[Exercise materials]
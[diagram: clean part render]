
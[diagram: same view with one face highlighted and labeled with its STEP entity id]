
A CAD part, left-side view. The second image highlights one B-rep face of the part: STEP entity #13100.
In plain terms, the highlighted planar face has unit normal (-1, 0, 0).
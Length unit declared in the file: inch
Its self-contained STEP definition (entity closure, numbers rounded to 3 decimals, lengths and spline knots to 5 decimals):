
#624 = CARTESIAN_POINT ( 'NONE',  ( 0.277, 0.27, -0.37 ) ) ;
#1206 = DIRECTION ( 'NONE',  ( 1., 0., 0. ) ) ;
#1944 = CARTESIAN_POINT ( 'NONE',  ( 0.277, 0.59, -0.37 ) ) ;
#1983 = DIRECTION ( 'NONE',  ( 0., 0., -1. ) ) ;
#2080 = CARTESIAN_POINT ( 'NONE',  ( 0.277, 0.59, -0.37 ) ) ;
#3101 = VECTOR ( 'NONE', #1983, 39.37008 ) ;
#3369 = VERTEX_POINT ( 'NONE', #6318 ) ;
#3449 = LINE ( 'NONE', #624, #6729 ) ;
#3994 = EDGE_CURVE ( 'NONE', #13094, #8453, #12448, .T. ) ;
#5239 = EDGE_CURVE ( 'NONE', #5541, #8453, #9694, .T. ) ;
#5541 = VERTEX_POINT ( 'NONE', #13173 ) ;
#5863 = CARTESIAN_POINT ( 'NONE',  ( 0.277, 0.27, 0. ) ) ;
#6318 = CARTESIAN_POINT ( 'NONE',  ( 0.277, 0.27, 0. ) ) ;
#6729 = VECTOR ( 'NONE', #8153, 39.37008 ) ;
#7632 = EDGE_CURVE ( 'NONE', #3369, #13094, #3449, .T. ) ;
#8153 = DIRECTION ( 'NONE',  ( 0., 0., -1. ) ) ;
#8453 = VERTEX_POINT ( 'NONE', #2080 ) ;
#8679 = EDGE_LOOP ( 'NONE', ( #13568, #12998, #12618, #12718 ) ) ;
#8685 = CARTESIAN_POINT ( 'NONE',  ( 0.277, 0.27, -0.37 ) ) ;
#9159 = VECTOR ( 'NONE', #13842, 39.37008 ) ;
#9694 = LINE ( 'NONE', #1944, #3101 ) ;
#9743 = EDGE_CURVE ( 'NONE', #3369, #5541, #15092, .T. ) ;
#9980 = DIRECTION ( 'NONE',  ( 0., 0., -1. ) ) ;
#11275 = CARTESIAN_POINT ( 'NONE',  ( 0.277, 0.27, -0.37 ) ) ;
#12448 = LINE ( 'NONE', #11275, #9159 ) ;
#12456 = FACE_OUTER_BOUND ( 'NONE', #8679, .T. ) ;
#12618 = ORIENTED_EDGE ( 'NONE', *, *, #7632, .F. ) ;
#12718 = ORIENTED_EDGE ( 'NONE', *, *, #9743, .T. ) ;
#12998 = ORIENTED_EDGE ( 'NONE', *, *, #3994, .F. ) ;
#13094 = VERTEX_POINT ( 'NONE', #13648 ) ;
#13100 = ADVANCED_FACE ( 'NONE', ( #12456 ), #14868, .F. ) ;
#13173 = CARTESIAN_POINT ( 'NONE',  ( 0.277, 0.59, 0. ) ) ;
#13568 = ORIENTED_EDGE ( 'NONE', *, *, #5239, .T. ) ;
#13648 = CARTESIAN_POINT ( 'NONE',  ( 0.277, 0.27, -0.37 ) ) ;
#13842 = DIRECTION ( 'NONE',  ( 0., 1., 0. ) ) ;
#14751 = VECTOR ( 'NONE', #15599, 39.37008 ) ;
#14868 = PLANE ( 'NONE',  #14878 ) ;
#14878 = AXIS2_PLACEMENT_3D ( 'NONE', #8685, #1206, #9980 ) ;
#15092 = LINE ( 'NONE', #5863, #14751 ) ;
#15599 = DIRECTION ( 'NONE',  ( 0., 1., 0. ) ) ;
[/Exercise materials]
> [Assignment]:
Answer by repeating every line of the listing exactly.

> [Answer area]:
[diagram: clean part render]
[diagram: same view with one face highlighted and labeled with its STEP entity id]
A CAD part, left-side view. The second image highlights one B-rep face of the part: STEP entity #13100.
In plain terms, the highlighted planar face has unit normal (-1, 0, 0).
Length unit declared in the file: inch
Its self-contained STEP definition (entity closure, numbers rounded to 3 decimals, lengths and spline knots to 5 decimals):
#624 = CARTESIAN_POINT ( 'NONE',  ( 0.277, 0.27, -0.37 ) ) ;
#1206 = DIRECTION ( 'NONE',  ( 1., 0., 0. ) ) ;
#1944 = CARTESIAN_POINT ( 'NONE',  ( 0.277, 0.59, -0.37 ) ) ;
#1983 = DIRECTION ( 'NONE',  ( 0., 0., -1. ) ) ;
#2080 = CARTESIAN_POINT ( 'NONE',  ( 0.277, 0.59, -0.37 ) ) ;
#3101 = VECTOR ( 'NONE', #1983, 39.37008 ) ;
#3369 = VERTEX_POINT ( 'NONE', #6318 ) ;
#3449 = LINE ( 'NONE', #624, #6729 ) ;
#3994 = EDGE_CURVE ( 'NONE', #13094, #8453, #12448, .T. ) ;
#5239 = EDGE_CURVE ( 'NONE', #5541, #8453, #9694, .T. ) ;
#5541 = VERTEX_POINT ( 'NONE', #13173 ) ;
#5863 = CARTESIAN_POINT ( 'NONE',  ( 0.277, 0.27, 0. ) ) ;
#6318 = CARTESIAN_POINT ( 'NONE',  ( 0.277, 0.27, 0. ) ) ;
#6729 = VECTOR ( 'NONE', #8153, 39.37008 ) ;
#7632 = EDGE_CURVE ( 'NONE', #3369, #13094, #3449, .T. ) ;
#8153 = DIRECTION ( 'NONE',  ( 0., 0., -1. ) ) ;
#8453 = VERTEX_POINT ( 'NONE', #2080 ) ;
#8679 = EDGE_LOOP ( 'NONE', ( #13568, #12998, #12618, #12718 ) ) ;
#8685 = CARTESIAN_POINT ( 'NONE',  ( 0.277, 0.27, -0.37 ) ) ;
#9159 = VECTOR ( 'NONE', #13842, 39.37008 ) ;
#9694 = LINE ( 'NONE', #1944, #3101 ) ;
#9743 = EDGE_CURVE ( 'NONE', #3369, #5541, #15092, .T. ) ;
#9980 = DIRECTION ( 'NONE',  ( 0., 0., -1. ) ) ;
#11275 = CARTESIAN_POINT ( 'NONE',  ( 0.277, 0.27, -0.37 ) ) ;
#12448 = LINE ( 'NONE', #11275, #9159 ) ;
#12456 = FACE_OUTER_BOUND ( 'NONE', #8679, .T. ) ;
#12618 = ORIENTED_EDGE ( 'NONE', *, *, #7632, .F. ) ;
#12718 = ORIENTED_EDGE ( 'NONE', *, *, #9743, .T. ) ;
#12998 = ORIENTED_EDGE ( 'NONE', *, *, #3994, .F. ) ;
#13094 = VERTEX_POINT ( 'NONE', #13648 ) ;
#13100 = ADVANCED_FACE ( 'NONE', ( #12456 ), #14868, .F. ) ;
#13173 = CARTESIAN_POINT ( 'NONE',  ( 0.277, 0.59, 0. ) ) ;
#13568 = ORIENTED_EDGE ( 'NONE', *, *, #5239, .T. ) ;
#13648 = CARTESIAN_POINT ( 'NONE',  ( 0.277, 0.27, -0.37 ) ) ;
#13842 = DIRECTION ( 'NONE',  ( 0., 1., 0. ) ) ;
#14751 = VECTOR ( 'NONE', #15599, 39.37008 ) ;
#14868 = PLANE ( 'NONE',  #14878 ) ;
#14878 = AXIS2_PLACEMENT_3D ( 'NONE', #8685, #1206, #9980 ) ;
#15092 = LINE ( 'NONE', #5863, #14751 ) ;
#15599 = DIRECTION ( 'NONE',  ( 0., 1., 0. ) ) ;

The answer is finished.